◆ Stored data
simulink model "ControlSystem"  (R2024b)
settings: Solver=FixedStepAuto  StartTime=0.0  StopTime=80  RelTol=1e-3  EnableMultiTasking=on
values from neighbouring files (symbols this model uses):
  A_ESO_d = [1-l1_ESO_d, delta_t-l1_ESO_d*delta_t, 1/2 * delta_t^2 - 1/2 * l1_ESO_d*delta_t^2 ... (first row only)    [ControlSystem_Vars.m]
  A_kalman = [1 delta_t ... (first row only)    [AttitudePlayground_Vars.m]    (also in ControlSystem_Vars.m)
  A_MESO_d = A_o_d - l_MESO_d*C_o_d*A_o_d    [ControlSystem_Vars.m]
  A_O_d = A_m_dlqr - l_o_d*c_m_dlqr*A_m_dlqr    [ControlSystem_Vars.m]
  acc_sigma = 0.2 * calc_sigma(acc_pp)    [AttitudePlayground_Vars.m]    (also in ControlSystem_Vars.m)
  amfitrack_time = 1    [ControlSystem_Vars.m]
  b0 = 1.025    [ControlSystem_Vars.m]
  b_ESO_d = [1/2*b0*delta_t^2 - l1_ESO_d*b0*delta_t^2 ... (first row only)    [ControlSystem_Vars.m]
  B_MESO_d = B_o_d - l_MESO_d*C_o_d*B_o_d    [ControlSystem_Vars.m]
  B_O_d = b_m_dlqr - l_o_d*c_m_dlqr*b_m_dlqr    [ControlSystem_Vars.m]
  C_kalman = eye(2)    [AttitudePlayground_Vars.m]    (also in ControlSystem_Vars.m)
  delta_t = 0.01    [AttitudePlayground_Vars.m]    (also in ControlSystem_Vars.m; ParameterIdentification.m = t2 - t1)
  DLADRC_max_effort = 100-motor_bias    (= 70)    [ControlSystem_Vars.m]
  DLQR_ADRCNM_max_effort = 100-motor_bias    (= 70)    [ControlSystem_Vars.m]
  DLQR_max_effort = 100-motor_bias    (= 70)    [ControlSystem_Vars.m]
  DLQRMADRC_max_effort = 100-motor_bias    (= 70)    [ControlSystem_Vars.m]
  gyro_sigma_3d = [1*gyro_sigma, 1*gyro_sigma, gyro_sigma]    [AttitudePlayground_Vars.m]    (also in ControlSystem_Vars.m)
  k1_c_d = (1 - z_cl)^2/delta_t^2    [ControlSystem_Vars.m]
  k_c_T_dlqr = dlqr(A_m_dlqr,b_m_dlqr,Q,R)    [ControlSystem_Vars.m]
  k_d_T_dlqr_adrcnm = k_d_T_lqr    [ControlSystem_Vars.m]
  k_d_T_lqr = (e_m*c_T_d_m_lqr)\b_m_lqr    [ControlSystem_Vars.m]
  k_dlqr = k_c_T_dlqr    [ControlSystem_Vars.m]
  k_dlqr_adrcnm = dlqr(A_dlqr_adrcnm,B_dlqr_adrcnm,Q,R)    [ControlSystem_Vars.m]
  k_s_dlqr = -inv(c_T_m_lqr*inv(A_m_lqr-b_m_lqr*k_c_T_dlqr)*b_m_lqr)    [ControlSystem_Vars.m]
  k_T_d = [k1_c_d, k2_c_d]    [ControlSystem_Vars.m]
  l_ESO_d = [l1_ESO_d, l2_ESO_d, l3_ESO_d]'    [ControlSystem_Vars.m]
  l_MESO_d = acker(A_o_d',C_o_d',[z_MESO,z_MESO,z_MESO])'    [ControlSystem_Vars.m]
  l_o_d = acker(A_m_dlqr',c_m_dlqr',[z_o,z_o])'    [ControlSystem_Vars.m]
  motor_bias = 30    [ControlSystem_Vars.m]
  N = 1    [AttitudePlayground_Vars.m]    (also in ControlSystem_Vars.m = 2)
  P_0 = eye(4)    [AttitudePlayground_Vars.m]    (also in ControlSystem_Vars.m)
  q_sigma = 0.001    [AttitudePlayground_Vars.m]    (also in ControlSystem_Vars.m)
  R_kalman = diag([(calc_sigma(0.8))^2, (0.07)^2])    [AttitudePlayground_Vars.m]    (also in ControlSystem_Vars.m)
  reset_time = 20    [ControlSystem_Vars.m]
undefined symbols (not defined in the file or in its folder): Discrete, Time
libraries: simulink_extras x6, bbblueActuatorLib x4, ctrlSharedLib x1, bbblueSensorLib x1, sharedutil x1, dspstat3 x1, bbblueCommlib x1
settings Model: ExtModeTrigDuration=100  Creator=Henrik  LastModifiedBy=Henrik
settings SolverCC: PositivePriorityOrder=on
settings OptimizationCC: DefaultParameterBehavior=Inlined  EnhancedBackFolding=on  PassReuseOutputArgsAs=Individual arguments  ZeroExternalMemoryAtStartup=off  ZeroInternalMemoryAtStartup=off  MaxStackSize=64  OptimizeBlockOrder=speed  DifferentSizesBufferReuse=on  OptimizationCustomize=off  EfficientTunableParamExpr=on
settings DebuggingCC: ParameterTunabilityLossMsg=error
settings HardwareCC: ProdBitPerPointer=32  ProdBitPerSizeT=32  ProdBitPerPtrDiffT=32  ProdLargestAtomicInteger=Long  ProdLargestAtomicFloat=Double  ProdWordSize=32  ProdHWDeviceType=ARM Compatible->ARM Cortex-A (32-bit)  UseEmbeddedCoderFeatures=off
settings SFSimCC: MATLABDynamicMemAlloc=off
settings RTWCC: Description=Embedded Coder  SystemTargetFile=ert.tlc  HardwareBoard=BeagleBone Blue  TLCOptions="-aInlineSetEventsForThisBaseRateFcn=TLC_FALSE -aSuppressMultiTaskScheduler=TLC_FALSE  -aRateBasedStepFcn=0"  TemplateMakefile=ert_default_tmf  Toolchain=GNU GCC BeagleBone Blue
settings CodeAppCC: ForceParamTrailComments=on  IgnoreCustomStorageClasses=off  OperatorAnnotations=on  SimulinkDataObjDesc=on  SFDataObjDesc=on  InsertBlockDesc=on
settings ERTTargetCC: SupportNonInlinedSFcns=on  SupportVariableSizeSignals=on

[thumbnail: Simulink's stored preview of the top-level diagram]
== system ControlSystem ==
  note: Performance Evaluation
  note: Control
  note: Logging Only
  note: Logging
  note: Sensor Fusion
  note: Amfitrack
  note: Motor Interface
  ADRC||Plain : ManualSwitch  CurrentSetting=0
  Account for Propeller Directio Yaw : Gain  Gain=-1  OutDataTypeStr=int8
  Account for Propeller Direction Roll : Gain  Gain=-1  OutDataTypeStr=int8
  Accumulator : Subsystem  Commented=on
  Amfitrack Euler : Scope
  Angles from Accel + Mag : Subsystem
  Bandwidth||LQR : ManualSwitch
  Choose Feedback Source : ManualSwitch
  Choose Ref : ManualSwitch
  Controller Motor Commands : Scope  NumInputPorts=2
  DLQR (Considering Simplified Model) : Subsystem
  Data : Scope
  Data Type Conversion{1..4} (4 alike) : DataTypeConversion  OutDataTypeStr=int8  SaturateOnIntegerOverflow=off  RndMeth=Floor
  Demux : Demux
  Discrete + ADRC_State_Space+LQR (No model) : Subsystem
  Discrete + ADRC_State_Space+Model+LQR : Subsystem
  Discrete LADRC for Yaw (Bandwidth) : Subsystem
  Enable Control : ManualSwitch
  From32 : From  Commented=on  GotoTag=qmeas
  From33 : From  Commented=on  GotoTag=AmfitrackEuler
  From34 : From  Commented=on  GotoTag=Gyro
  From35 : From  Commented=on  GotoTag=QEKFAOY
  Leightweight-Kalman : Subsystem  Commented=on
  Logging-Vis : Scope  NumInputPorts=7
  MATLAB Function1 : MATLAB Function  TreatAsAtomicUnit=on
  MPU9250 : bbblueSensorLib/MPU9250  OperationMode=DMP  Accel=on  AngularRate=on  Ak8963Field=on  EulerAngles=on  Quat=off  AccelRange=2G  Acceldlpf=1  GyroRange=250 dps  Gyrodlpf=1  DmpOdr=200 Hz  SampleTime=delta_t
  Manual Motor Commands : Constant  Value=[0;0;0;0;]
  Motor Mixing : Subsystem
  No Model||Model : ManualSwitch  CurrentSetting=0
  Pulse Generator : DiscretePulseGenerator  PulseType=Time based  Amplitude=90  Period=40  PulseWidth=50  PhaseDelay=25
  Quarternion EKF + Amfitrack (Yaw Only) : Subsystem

◆ Work task
All that is wanted is an exact copy of the lines above from the one with "A_O_d = A_m_dlqr" through the one with "l_ESO_d = [l1_ESO_d, l2_ESO_d, l3_ESO_d]'", with both ends included.

◆ Exercise solution
  A_O_d = A_m_dlqr - l_o_d*c_m_dlqr*A_m_dlqr    [ControlSystem_Vars.m]
  acc_sigma = 0.2 * calc_sigma(acc_pp)    [AttitudePlayground_Vars.m]    (also in ControlSystem_Vars.m)
  amfitrack_time = 1    [ControlSystem_Vars.m]
  b0 = 1.025    [ControlSystem_Vars.m]
  b_ESO_d = [1/2*b0*delta_t^2 - l1_ESO_d*b0*delta_t^2 ... (first row only)    [ControlSystem_Vars.m]
  B_MESO_d = B_o_d - l_MESO_d*C_o_d*B_o_d    [ControlSystem_Vars.m]
  B_O_d = b_m_dlqr - l_o_d*c_m_dlqr*b_m_dlqr    [ControlSystem_Vars.m]
  C_kalman = eye(2)    [AttitudePlayground_Vars.m]    (also in ControlSystem_Vars.m)
  delta_t = 0.01    [AttitudePlayground_Vars.m]    (also in ControlSystem_Vars.m; ParameterIdentification.m = t2 - t1)
  DLADRC_max_effort = 100-motor_bias    (= 70)    [ControlSystem_Vars.m]
  DLQR_ADRCNM_max_effort = 100-motor_bias    (= 70)    [ControlSystem_Vars.m]
  DLQR_max_effort = 100-motor_bias    (= 70)    [ControlSystem_Vars.m]
  DLQRMADRC_max_effort = 100-motor_bias    (= 70)    [ControlSystem_Vars.m]
  gyro_sigma_3d = [1*gyro_sigma, 1*gyro_sigma, gyro_sigma]    [AttitudePlayground_Vars.m]    (also in ControlSystem_Vars.m)
  k1_c_d = (1 - z_cl)^2/delta_t^2    [ControlSystem_Vars.m]
  k_c_T_dlqr = dlqr(A_m_dlqr,b_m_dlqr,Q,R)    [ControlSystem_Vars.m]
  k_d_T_dlqr_adrcnm = k_d_T_lqr    [ControlSystem_Vars.m]
  k_d_T_lqr = (e_m*c_T_d_m_lqr)\b_m_lqr    [ControlSystem_Vars.m]
  k_dlqr = k_c_T_dlqr    [ControlSystem_Vars.m]
  k_dlqr_adrcnm = dlqr(A_dlqr_adrcnm,B_dlqr_adrcnm,Q,R)    [ControlSystem_Vars.m]
  k_s_dlqr = -inv(c_T_m_lqr*inv(A_m_lqr-b_m_lqr*k_c_T_dlqr)*b_m_lqr)    [ControlSystem_Vars.m]
  k_T_d = [k1_c_d, k2_c_d]    [ControlSystem_Vars.m]
  l_ESO_d = [l1_ESO_d, l2_ESO_d, l3_ESO_d]'    [ControlSystem_Vars.m]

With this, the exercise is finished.